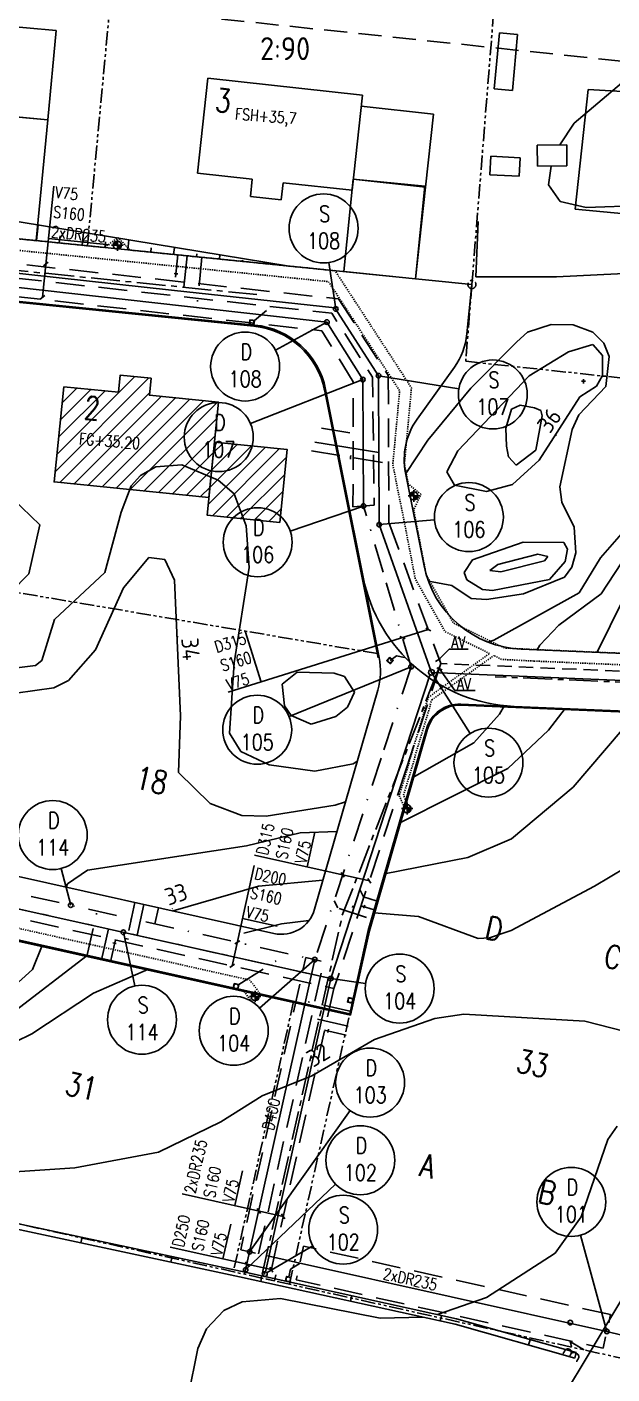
# Model space of a CAD drawing. Header units: metres. Extents: x 139929 to 143267, y 6401995 to 6404511.
# Drawn here: x 140403.1 to 140454, y 6402223.7 to 6402340.9 of the extents above; entities that cross this region are included whole.
import ezdxf
from ezdxf.enums import TextEntityAlignment as Align

# ---------------------------------------------------------------- set-up
doc = ezdxf.new("R2010")
doc.units = ezdxf.units.M
for name, pattern in [('CENTERX2', [4, 2.5, -0.5, 0.5, -0.5]), ('DASHDOT', [1, 0.5, -0.25, 0, -0.25]), ('DASHED', [0.75, 0.5, -0.25]), ('DASHED2', [3, 2, -1]), ('HAECK', [0]), ('HIDDEN', [0.375, 0.25, -0.125]), ('HIDDEN2', [0.1875, 0.125, -0.0625]), ('PHANTOM', [2.5, 1.25, -0.25, 0.25, -0.25, 0.25, -0.25])]:
    doc.linetypes.add(name, pattern=pattern)
doc.layers.add('LM_GRÄNSPUNKT_TEXT_NY', color=94, linetype='Continuous', lineweight=25)
for name, color, linetype in [('M-BEF-BYGGNAD', 3, 'Continuous'), ('M-BEF-HÄCK', 7, 'Continuous'), ('M-BEF-MUR', 4, 'Continuous'), ('M-BEF-NIVÅKURVA-PRIMÄR-0.5M', 12, 'Continuous'), ('M-BEF-NIVÅKURVA-PRIMÄR-1.0M', 12, 'Continuous'), ('M-BEF-STAKET', 4, 'STAKET'), ('M-BEF-TELE-INFO', 4, 'Continuous'), ('M-BELYSNINGSSTOLPE', 20, 'Continuous'), ('M-BRUNNAR', 3, 'Continuous'), ('M-BRUNNSLOCK', 1, 'Continuous'), ('M-ET-SCHAKT', 40, 'HIDDEN'), ('M-FASTIGHETSBETECKNING', 3, 'Continuous'), ('M-FG-XXX', 3, 'Continuous'), ('M-GR-FASTIGHETSGRÄNS', 3, 'PHANTOM'), ('M-GR-RÄTTIGHETSGRÄNS', 3, 'DASHED'), ('M-HUS-NUMMER-XXX', 3, 'Continuous'), ('M-HUS-YTTER', 3, 'Continuous'), ('M-HUS-YTTER-NYBYGGNAD', 7, 'Continuous'), ('M-HUS-YTTER-NYBYGGNAD_HATCH', 7, 'Continuous'), ('M-KANTSTÖD', 1, 'Continuous'), ('M-KRYSS-1000', 1, 'Continuous'), ('M-PROFILLINJE', 7, 'CENTERX2'), ('M-RH-BELYSNINGSSTOLPE', 4, 'Continuous'), ('M-RH-ET-SCHAKT', 4, 'HIDDEN'), ('M-RH-VA-D', 4, 'DASHDOT'), ('M-RH-VA-DRÄN', 4, 'DRAN11'), ('M-RH-VA-S', 4, 'Continuous'), ('M-RH-VA-TEXT', 4, 'Continuous'), ('M-RH-VA-V', 4, 'HIDDEN2'), ('M-SLÄNT', 4, 'Continuous'), ('M-STOMLINJE', 3, 'Continuous'), ('M-STOMLINJE-TOMTMARK', 1, 'Continuous'), ('M-VA-BRUNN-TK', 3, 'Continuous'), ('M-VA-D', 80, 'DASHDOT'), ('M-VA-DRÄN', 80, 'DRAN11'), ('M-VA-S', 20, 'Continuous'), ('M-VA-TEXT', 1, 'Continuous'), ('M-VA-V', 140, 'HIDDEN2')]:
    doc.layers.add(name, color=color, linetype=linetype)
doc.styles.add('ISO', font='iso.shx', dxfattribs={"height": 2.5})
doc.styles.add('ITALICC', font='italicc', dxfattribs={"oblique": 10})
doc.styles.add('M-modell-va$0$SIMPLEX8', font='simplex.shx', dxfattribs={"width": 0.8})
doc.styles.add('SIMPLEX8', font='simplex.shx', dxfattribs={"width": 0.8})
doc.linetypes.add('DRAN11', pattern='A,1,["|",Standard,S=0.5,R=60,X=0,Y=0],-0.4,1', length=2.4)
doc.linetypes.add('STAKET', pattern='A,7,[134,morastr.shx,S=0.8,R=0,X=0,Y=0],0.6,[134,morastr.shx,S=0.8,R=0,X=0,Y=0],1', length=8.6)
pattern_1 = [(45, (-19260.8910175, -51074.3308278), (-0.001122532015134, 0.001122532015134), [])]

# ---------------------------------------------------------------- blocks, each defined once
blk = doc.blocks.new('LIGGARPUNKT')
blk.add_circle((0, 0), 0.35)
at = {"layer": 'LM_GRÄNSPUNKT_TEXT_NY', "style": 'ITALICC', "oblique": 10}
blk.add_attdef('PUNKTBETECKNING', (0.5, -0.35), '', height=0.7, dxfattribs=at)
blk = doc.blocks.new('PLUS')
for p, q in [((-0.18, 0), (0, 0)), ((0, 0), (0, 0.18)), ((0, -0.18), (0, 0)), ((0, 0), (0.18, 0))]:
    blk.add_line(p, q)
blk = doc.blocks.new('PRI_NIVÅ_HÖJDPKT')
at = {"color": 0, "linetype": 'Continuous', "lineweight": -3}
blk.add_circle((183, 184), 0.0005, dxfattribs=at)
blk = doc.blocks.new('Brunn-400')
at = {"layer": 'M-BRUNNAR', "ltscale": 0.1}
blk.add_circle((0, 0), 0.2, dxfattribs=at)
at = {"layer": 'M-BRUNNSLOCK', "ltscale": 0.1}
blk.add_circle((0, 0), 0.2, dxfattribs=at)
blk = doc.blocks.new('DB')
at = {"layer": 'M-BRUNNAR', "ltscale": 0.1}
blk.add_lwpolyline([(-0.2, 0.2), (-0.2, -0.2), (0.2, -0.2), (0.2, 0.2)], close=True, dxfattribs=at)
blk.add_circle((0, 0), 0.2, dxfattribs=at)
at = {"layer": 'M-BRUNNSLOCK', "ltscale": 0.1}
blk.add_lwpolyline([(-0.2, 0.2), (-0.2, -0.2), (0.2, -0.2), (0.2, 0.2)], close=True, dxfattribs=at)
blk = doc.blocks.new('TB')
at = {"layer": 'M-BRUNNSLOCK', "ltscale": 0.1}
blk.add_circle((0, 0), 0.25, dxfattribs=at)
at = {"layer": 'M-VA-BRUNN-TK', "ltscale": 0.1}
blk.add_circle((0, 0), 0.25, dxfattribs=at)
blk = doc.blocks.new('M-modell-va$0$VA Littera')
blk.add_circle((0, 0), 1.5)
at = {"style": 'M-modell-va$0$SIMPLEX8', "width": 0.8}
for tag, p in [('D/S', (0.051, 0.289)), ('NR', (0.001, -0.891))]:
    blk.add_attdef(tag, text='', height=0.7, dxfattribs=at).set_placement(p, align=Align.CENTER)
at = {"style": 'M-modell-va$0$SIMPLEX8', "width": 0.8, "flags": 1}
for tag, p in [('LOCKNIVÅ', (1.783, 0.248)), ('VG-NIVÅ', (1.789, -0.674))]:
    blk.add_attdef(tag, p, '', height=0.5, dxfattribs=at)
blk = doc.blocks.new('Ny-stolpe')
at = {"layer": ''}
h = blk.add_hatch(dxfattribs=at)
h.set_pattern_fill('ANSI31', color=256, scale=0.0005, style=0)
h.set_pattern_definition(pattern_1)
edge = h.paths.add_edge_path()
edge.add_arc((0, 0), 0.175, 90, 180)
edge.add_line((-0.175, 0), (0, 0))
edge.add_line((0, 0), (0, 0.175))
h = blk.add_hatch(dxfattribs=at)
h.set_pattern_fill('ANSI31', color=256, scale=0.0005, style=0)
h.set_pattern_definition(pattern_1)
edge = h.paths.add_edge_path()
edge.add_line((0, 0), (0, -0.175))
edge.add_arc((0, 0), 0.175, 270, 360)
edge.add_line((0.175, 0), (0, 0))
for p, q in [((-0.175, 0), (-0.25, 0)), ((0, 0), (-0.175, 0)), ((0, 0.173), (0, 0.248)), ((0, 0), (0, 0.175)), ((0, 0), (0.175, 0)), ((0, 0), (0, -0.175)), ((0, -0.175), (0, -0.252)), ((0.175, 0), (0.25, 0))]:
    blk.add_line(p, q, dxfattribs=at)
for start, end in [(90, 180), (180, 270), (0, 90), (270, 0)]:
    blk.add_arc((0, 0), 0.175, start, end, dxfattribs=at)

msp = doc.modelspace()

# ---------------------------------------------------------------- hatches: boundary and pattern name
at = {"layer": 'M-HUS-YTTER-NYBYGGNAD_HATCH'}
h = msp.add_hatch(dxfattribs=at)
h.set_pattern_fill('ANSI31', color=1, scale=0.3, style=0)
h.paths.add_polyline_path([(140406.277, 6402309.606), (140411.046, 6402309.126), (140411.196, 6402310.611), (140413.882, 6402310.341), (140413.733, 6402308.855), (140419.739, 6402308.251), (140418.906, 6402299.972), (140405.444, 6402301.328)])
h = msp.add_hatch(dxfattribs=at)
h.set_pattern_fill('ANSI31', color=1, scale=0.3, style=0)
h.paths.add_polyline_path([(140425.089, 6402297.792), (140425.727, 6402304.13), (140419.389, 6402304.768), (140418.751, 6402298.43)])

# ---------------------------------------------------------------- linework, layer by layer
at = {"layer": 'M-BEF-BYGGNAD'}
for p, q in [((140444.189, 6402340.371), (140443.749, 6402335.498)), ((140444.189, 6402340.371), (140443.749, 6402335.498)), ((140445.759, 6402340.23), (140444.189, 6402340.371)), ((140445.759, 6402340.23), (140444.189, 6402340.371)), ((140445.321, 6402335.357), (140445.759, 6402340.23)), ((140445.321, 6402335.357), (140445.759, 6402340.23)), ((140443.749, 6402335.498), (140445.321, 6402335.357)), ((140443.749, 6402335.498), (140445.321, 6402335.357)), ((140451.922, 6402335.455), (140450.793, 6402325.052)), ((140455.397, 6402335.25), (140451.922, 6402335.455)), ((140447.489, 6402330.606), (140450.047, 6402330.636)), ((140447.51, 6402328.774), (140447.489, 6402330.606)), ((140450.047, 6402330.636), (140450.069, 6402328.804)), ((140443.352, 6402328.039), (140443.436, 6402329.644)), ((140443.436, 6402329.644), (140445.995, 6402329.509)), ((140445.995, 6402329.509), (140445.912, 6402327.905)), ((140445.912, 6402327.905), (140443.352, 6402328.039)), ((140450.069, 6402328.804), (140447.51, 6402328.774)), ((140450.793, 6402325.052), (140460.361, 6402324.114))]:
    msp.add_line(p, q, dxfattribs=at)
at = {"layer": 'M-BEF-HÄCK', "color": 1, "linetype": 'HAECK', "lineweight": -3}
msp.add_line((140442.131, 6402319.172), (140442.333, 6402323.976), dxfattribs=at)
at = {"layer": 'M-BEF-MUR', "lineweight": -3}
for p, q in [((140392.859, 6402238.828), (140421.676, 6402232.684)), ((140421.57, 6402232.195), (140392.754, 6402238.339)), ((140407.881, 6402235.625), (140407.776, 6402235.136)), ((140415.706, 6402233.957), (140415.601, 6402233.468)), ((140440.34, 6402228.053), (140421.57, 6402232.195)), ((140421.676, 6402232.684), (140440.462, 6402228.538)), ((140423.527, 6402232.276), (140423.419, 6402231.787)), ((140431.339, 6402230.552), (140431.231, 6402230.063)), ((140439.151, 6402228.828), (140439.044, 6402228.34)), ((140440.462, 6402228.538), (140450.877, 6402225.592)), ((140450.741, 6402225.111), (140440.34, 6402228.053)), ((140446.869, 6402226.726), (140446.733, 6402226.246)), ((140450.877, 6402225.592), (140450.741, 6402225.111))]:
    msp.add_line(p, q, dxfattribs=at)
at = {"layer": 'M-BEF-MUR'}
for p, q in [((140392.859, 6402238.828), (140421.676, 6402232.684)), ((140421.57, 6402232.195), (140392.754, 6402238.339)), ((140407.881, 6402235.625), (140407.776, 6402235.136)), ((140415.706, 6402233.957), (140415.601, 6402233.468)), ((140440.34, 6402228.053), (140421.57, 6402232.195)), ((140421.676, 6402232.684), (140440.462, 6402228.538)), ((140423.527, 6402232.276), (140423.419, 6402231.787)), ((140431.339, 6402230.552), (140431.231, 6402230.063)), ((140439.151, 6402228.828), (140439.044, 6402228.34)), ((140440.462, 6402228.538), (140450.877, 6402225.592)), ((140450.741, 6402225.111), (140440.34, 6402228.053)), ((140446.869, 6402226.726), (140446.733, 6402226.246)), ((140450.877, 6402225.592), (140450.741, 6402225.111))]:
    msp.add_line(p, q, dxfattribs=at)
at = {"layer": 'M-BEF-NIVÅKURVA-PRIMÄR-0.5M', "linetype": 'Continuous', "lineweight": -3}
for p, q in [((140450.684, 6402332.531, 34.5), (140454.818, 6402336.015, 34.5)), ((140449.435, 6402330.629, 34.5), (140450.684, 6402332.531, 34.5)), ((140448.467, 6402327.17, 34.5), (140448.705, 6402328.788, 34.5)), ((140449.47, 6402325.711, 34.5), (140448.467, 6402327.17, 34.5)), ((140451.745, 6402325.179, 34.5), (140449.47, 6402325.711, 34.5)), ((140460.471, 6402325.505, 34.5), (140451.745, 6402325.179, 34.5)), ((140448.696, 6402315.012, 35.5), (140446.634, 6402314.341, 35.5)), ((140450.601, 6402314.975, 35.5), (140448.696, 6402315.012, 35.5)), ((140452.32, 6402314.358, 35.5), (140450.601, 6402314.975, 35.5)), ((140446.634, 6402314.341, 35.5), (140445.714, 6402313.504, 35.5)), ((140453.273, 6402313.394, 35.5), (140452.32, 6402314.358, 35.5)), ((140445.714, 6402313.504, 35.5), (140441.7, 6402309.485, 35.5)), ((140453.752, 6402312.225, 35.5), (140453.273, 6402313.394, 35.5)), ((140453.454, 6402309.623, 35.5), (140453.752, 6402312.225, 35.5)), ((140441.7, 6402309.485, 35.5), (140437.971, 6402304.948, 35.5)), ((140451.107, 6402307.152, 35.5), (140453.454, 6402309.623, 35.5)), ((140446.003, 6402308.011, 36.5), (140445.235, 6402307.661, 36.5)), ((140447.254, 6402307.764, 36.5), (140446.003, 6402308.011, 36.5)), ((140445.235, 6402307.661, 36.5), (140444.742, 6402306.011, 36.5)), ((140447.808, 6402307.541, 36.5), (140447.254, 6402307.764, 36.5)), ((140447.361, 6402304.077, 36.5), (140447.898, 6402307.06, 36.5)), ((140447.898, 6402307.06, 36.5), (140447.808, 6402307.541, 36.5)), ((140450.521, 6402305.884, 35.5), (140451.107, 6402307.152, 35.5)), ((140444.742, 6402306.011, 36.5), (140444.81, 6402304.437, 36.5)), ((140449.453, 6402300.884, 35.5), (140450.521, 6402305.884, 35.5)), ((140437.971, 6402304.948, 35.5), (140436.035, 6402302.058, 35.5)), ((140444.81, 6402304.437, 36.5), (140444.977, 6402303.492, 36.5)), ((140444.977, 6402303.492, 36.5), (140445.646, 6402302.765, 36.5)), ((140445.646, 6402302.765, 36.5), (140447.361, 6402304.077, 36.5)), ((140412.966, 6402301.88, 34.5), (140414.303, 6402302.622, 34.5)), ((140414.303, 6402302.622, 34.5), (140416.563, 6402302.813, 34.5)), ((140416.563, 6402302.813, 34.5), (140419.721, 6402301.476, 34.5)), ((140411.278, 6402298.703, 34.5), (140412.159, 6402300.993, 34.5)), ((140412.159, 6402300.993, 34.5), (140412.966, 6402301.88, 34.5)), ((140419.721, 6402301.476, 34.5), (140421.103, 6402300.281, 34.5)), ((140449.632, 6402299.556, 35.5), (140449.453, 6402300.884, 35.5)), ((140404.202, 6402297.588, 35.5), (140401.843, 6402299.852, 35.5)), ((140421.103, 6402300.281, 34.5), (140422.156, 6402297.513, 34.5)), ((140409.845, 6402293.457, 34.5), (140411.278, 6402298.703, 34.5)), ((140450.686, 6402297.377, 35.5), (140449.632, 6402299.556, 35.5)), ((140403.256, 6402293.337, 35.5), (140404.202, 6402297.588, 35.5)), ((140422.156, 6402297.513, 34.5), (140422.427, 6402293.879, 34.5)), ((140450.854, 6402295.146, 35.5), (140450.686, 6402297.377, 35.5)), ((140452.987, 6402294.715, 34.5), (140455.838, 6402297.967, 34.5)), ((140447.546, 6402295.05, 36.5), (140444.059, 6402294.141, 36.5)), ((140448.403, 6402294.84, 36.5), (140447.546, 6402295.05, 36.5)), ((140450.484, 6402293.918, 35.5), (140450.854, 6402295.146, 35.5)), ((140422.427, 6402293.879, 34.5), (140421.103, 6402285.591, 34.5)), ((140444.059, 6402294.141, 36.5), (140443.359, 6402293.613, 36.5)), ((140444.325, 6402293.497, 36.5), (140448.111, 6402294.451, 36.5)), ((140448.111, 6402294.451, 36.5), (140448.403, 6402294.84, 36.5)), ((140449.849, 6402293.039, 35.5), (140450.484, 6402293.918, 35.5)), ((140451.124, 6402291.663, 34.5), (140452.987, 6402294.715, 34.5)), ((140401.675, 6402291.731, 35.5), (140403.256, 6402293.337, 35.5)), ((140405.473, 6402289.346, 34.5), (140409.845, 6402293.457, 34.5)), ((140438.011, 6402292.692, 35.5), (140440.063, 6402292.317, 35.5)), ((140443.359, 6402293.613, 36.5), (140444.325, 6402293.497, 36.5)), ((140446.284, 6402291.597, 35.5), (140449.849, 6402293.039, 35.5)), ((140452.697, 6402286.5, 33.5), (140456.102, 6402293.399, 33.5)), ((140440.063, 6402292.317, 35.5), (140441.728, 6402291.185, 35.5)), ((140443.066, 6402291.09, 35.5), (140446.284, 6402291.597, 35.5)), ((140443.702, 6402287.571, 34.5), (140451.124, 6402291.663, 34.5)), ((140441.728, 6402291.185, 35.5), (140443.066, 6402291.09, 35.5)), ((140404.374, 6402285.777, 34.5), (140405.473, 6402289.346, 34.5)), ((140443.177, 6402287.396, 34.5), (140443.702, 6402287.571, 34.5)), ((140403.82, 6402285.347, 34.5), (140404.374, 6402285.777, 34.5)), ((140402.206, 6402285.155, 34.5), (140403.82, 6402285.347, 34.5)), ((140421.103, 6402285.591, 34.5), (140420.715, 6402279.477, 34.5)), ((140426.581, 6402284.772, 35.5), (140425.297, 6402283.72, 35.5)), ((140429.803, 6402284.679, 35.5), (140426.581, 6402284.772, 35.5)), ((140430.705, 6402284.385, 35.5), (140429.803, 6402284.679, 35.5)), ((140425.297, 6402283.72, 35.5), (140425.488, 6402281.86, 35.5)), ((140431.584, 6402283.038, 35.5), (140430.705, 6402284.385, 35.5)), ((140430.984, 6402281.731, 35.5), (140431.584, 6402283.038, 35.5)), ((140425.488, 6402281.86, 35.5), (140426.078, 6402281.02, 35.5)), ((140426.078, 6402281.02, 35.5), (140427.813, 6402280.265, 35.5)), ((140429.95, 6402280.931, 35.5), (140430.984, 6402281.731, 35.5)), ((140448.464, 6402279.727, 33.5), (140449.91, 6402281.614, 33.5)), ((140427.813, 6402280.265, 35.5), (140429.95, 6402280.931, 35.5)), ((140420.715, 6402279.477, 34.5), (140421.682, 6402277.861, 34.5)), ((140444.919, 6402276.404, 33.5), (140448.464, 6402279.727, 33.5)), ((140421.682, 6402277.861, 34.5), (140424.16, 6402276.718, 34.5)), ((140424.16, 6402276.718, 34.5), (140428.134, 6402276.171, 34.5)), ((140428.134, 6402276.171, 34.5), (140431.478, 6402276.815, 34.5)), ((140431.478, 6402276.815, 34.5), (140431.827, 6402277.04, 34.5)), ((140435.474, 6402271.638, 33.5), (140444.919, 6402276.404, 33.5)), ((140422.182, 6402269.675, 33.5), (140426.856, 6402270.804, 33.5)), ((140426.856, 6402270.804, 33.5), (140430.063, 6402270.92, 33.5)), ((140408.339, 6402267.543, 33.5), (140422.182, 6402269.675, 33.5)), ((140406.603, 6402266.353, 33.5), (140408.339, 6402267.543, 33.5)), ((140452.463, 6402266.168, 32.5), (140455.188, 6402267.792, 32.5)), ((140406.491, 6402266.08, 33.5), (140406.603, 6402266.353, 33.5)), ((140445.208, 6402262.309, 32.5), (140452.463, 6402266.168, 32.5)), ((140433.225, 6402263.839, 32.5), (140433.292, 6402263.848, 32.5)), ((140433.292, 6402263.848, 32.5), (140437.159, 6402263.531, 32.5)), ((140437.159, 6402263.531, 32.5), (140442.344, 6402261.605, 32.5)), ((140421.957, 6402262.068, 32.5), (140425.228, 6402262.876, 32.5)), ((140425.228, 6402262.876, 32.5), (140427.617, 6402263.164, 32.5)), ((140443.318, 6402261.681, 32.5), (140445.208, 6402262.309, 32.5)), ((140442.344, 6402261.605, 32.5), (140443.318, 6402261.681, 32.5)), ((140403.562, 6402258.919, 33.5), (140404.417, 6402261.01, 33.5)), ((140400.327, 6402255.997, 33.5), (140403.562, 6402258.919, 33.5)), ((140408.861, 6402256.843, 32.5), (140413.65, 6402258.952, 32.5)), ((140403.518, 6402253.328, 32.5), (140408.861, 6402256.843, 32.5)), ((140400.623, 6402251.931, 32.5), (140403.518, 6402253.328, 32.5)), ((140453.628, 6402244.126, 31.5), (140454.442, 6402245.278, 31.5)), ((140451.312, 6402237.403, 31.5), (140453.628, 6402244.126, 31.5)), ((140449.051, 6402234.234, 31.5), (140451.312, 6402237.403, 31.5)), ((140443.077, 6402230.385, 31.5), (140449.051, 6402234.234, 31.5)), ((140420.2, 6402229.258, 31.5), (140421.794, 6402230.013, 31.5)), ((140421.794, 6402230.013, 31.5), (140425.136, 6402230.307, 31.5)), ((140425.136, 6402230.307, 31.5), (140433.824, 6402228.593, 31.5)), ((140438.803, 6402228.904, 31.5), (140443.077, 6402230.385, 31.5)), ((140418.694, 6402227.652, 31.5), (140420.2, 6402229.258, 31.5)), ((140433.824, 6402228.593, 31.5), (140437.55, 6402228.669, 31.5)), ((140417.955, 6402225.94, 31.5), (140418.694, 6402227.652, 31.5)), ((140417.104, 6402221.761, 31.5), (140417.955, 6402225.94, 31.5))]:
    msp.add_line(p, q, dxfattribs=at)
at = {"layer": 'M-BEF-NIVÅKURVA-PRIMÄR-1.0M', "linetype": 'Continuous', "lineweight": -3}
for p, q in [((140450.215, 6402312.633, 36), (140446.784, 6402310.543, 36)), ((140452.334, 6402313.264, 36), (140450.215, 6402312.633, 36)), ((140453.165, 6402312.313, 36), (140452.334, 6402313.264, 36)), ((140453.162, 6402310.585, 36), (140453.165, 6402312.313, 36)), ((140446.784, 6402310.543, 36), (140440.568, 6402304.03, 36)), ((140452.643, 6402309.655, 36), (140453.162, 6402310.585, 36)), ((140451.19, 6402308.722, 36), (140452.643, 6402309.655, 36)), ((140447.639, 6402303.217, 36), (140451.19, 6402308.722, 36)), ((140440.568, 6402304.03, 36), (140439.621, 6402302.204, 36)), ((140445.317, 6402301.101, 36), (140447.639, 6402303.217, 36)), ((140439.621, 6402302.204, 36), (140440.278, 6402301.049, 36)), ((140440.278, 6402301.049, 36), (140443.066, 6402300.499, 36)), ((140443.066, 6402300.499, 36), (140445.317, 6402301.101, 36)), ((140453.058, 6402291.588, 34), (140457.478, 6402298.387, 34)), ((140446.268, 6402296.088, 36), (140441.839, 6402294.546, 36)), ((140449.792, 6402296.039, 36), (140446.268, 6402296.088, 36)), ((140450.109, 6402295.482, 36), (140449.792, 6402296.039, 36)), ((140449.92, 6402294.402, 36), (140450.109, 6402295.482, 36)), ((140411.496, 6402292.112, 34), (140413.682, 6402294.757, 34)), ((140413.682, 6402294.757, 34), (140415.066, 6402294.561, 34)), ((140415.066, 6402294.561, 34), (140415.927, 6402292.762, 34)), ((140441.839, 6402294.546, 36), (140441.127, 6402293.457, 36)), ((140448.545, 6402292.837, 36), (140449.92, 6402294.402, 36)), ((140415.927, 6402292.762, 34), (140416.433, 6402280.964, 34)), ((140441.127, 6402293.457, 36), (140441.358, 6402292.809, 36)), ((140441.358, 6402292.809, 36), (140442.716, 6402291.965, 36)), ((140443.603, 6402291.878, 36), (140448.545, 6402292.837, 36)), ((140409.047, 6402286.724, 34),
════════════════
__Task goal__:
List each line in the listing that contains the string "color".

__Answer to this exercise__:
doc.layers.add('LM_GRÄNSPUNKT_TEXT_NY', color=94, linetype='Continuous', lineweight=25)
for name, color, linetype in [('M-BEF-BYGGNAD', 3, 'Continuous'), ('M-BEF-HÄCK', 7, 'Continuous'), ('M-BEF-MUR', 4, 'Continuous'), ('M-BEF-NIVÅKURVA-PRIMÄR-0.5M', 12, 'Continuous'), ('M-BEF-NIVÅKURVA-PRIMÄR-1.0M', 12, 'Continuous'), ('M-BEF-STAKET', 4, 'STAKET'), ('M-BEF-TELE-INFO', 4, 'Continuous'), ('M-BELYSNINGSSTOLPE', 20, 'Continuous'), ('M-BRUNNAR', 3, 'Continuous'), ('M-BRUNNSLOCK', 1, 'Continuous'), ('M-ET-SCHAKT', 40, 'HIDDEN'), ('M-FASTIGHETSBETECKNING', 3, 'Continuous'), ('M-FG-XXX', 3, 'Continuous'), ('M-GR-FASTIGHETSGRÄNS', 3, 'PHANTOM'), ('M-GR-RÄTTIGHETSGRÄNS', 3, 'DASHED'), ('M-HUS-NUMMER-XXX', 3, 'Continuous'), ('M-HUS-YTTER', 3, 'Continuous'), ('M-HUS-YTTER-NYBYGGNAD', 7, 'Continuous'), ('M-HUS-YTTER-NYBYGGNAD_HATCH', 7, 'Continuous'), ('M-KANTSTÖD', 1, 'Continuous'), ('M-KRYSS-1000', 1, 'Continuous'), ('M-PROFILLINJE', 7, 'CENTERX2'), ('M-RH-BELYSNINGSSTOLPE', 4, 'Continuous'), ('M-RH-ET-SCHAKT', 4, 'HIDDEN'), ('M-RH-VA-D', 4, 'DASHDOT'), ('M-RH-VA-DRÄN', 4, 'DRAN11'), ('M-RH-VA-S', 4, 'Continuous'), ('M-RH-VA-TEXT', 4, 'Continuous'), ('M-RH-VA-V', 4, 'HIDDEN2'), ('M-SLÄNT', 4, 'Continuous'), ('M-STOMLINJE', 3, 'Continuous'), ('M-STOMLINJE-TOMTMARK', 1, 'Continuous'), ('M-VA-BRUNN-TK', 3, 'Continuous'), ('M-VA-D', 80, 'DASHDOT'), ('M-VA-DRÄN', 80, 'DRAN11'), ('M-VA-S', 20, 'Continuous'), ('M-VA-TEXT', 1, 'Continuous'), ('M-VA-V', 140, 'HIDDEN2')]:
    doc.layers.add(name, color=color, linetype=linetype)
at = {"color": 0, "linetype": 'Continuous', "lineweight": -3}
h.set_pattern_fill('ANSI31', color=256, scale=0.0005, style=0)
h.set_pattern_fill('ANSI31', color=256, scale=0.0005, style=0)
h.set_pattern_fill('ANSI31', color=1, scale=0.3, style=0)
h.set_pattern_fill('ANSI31', color=1, scale=0.3, style=0)
at = {"layer": 'M-BEF-HÄCK', "color": 1, "linetype": 'HAECK', "lineweight": -3}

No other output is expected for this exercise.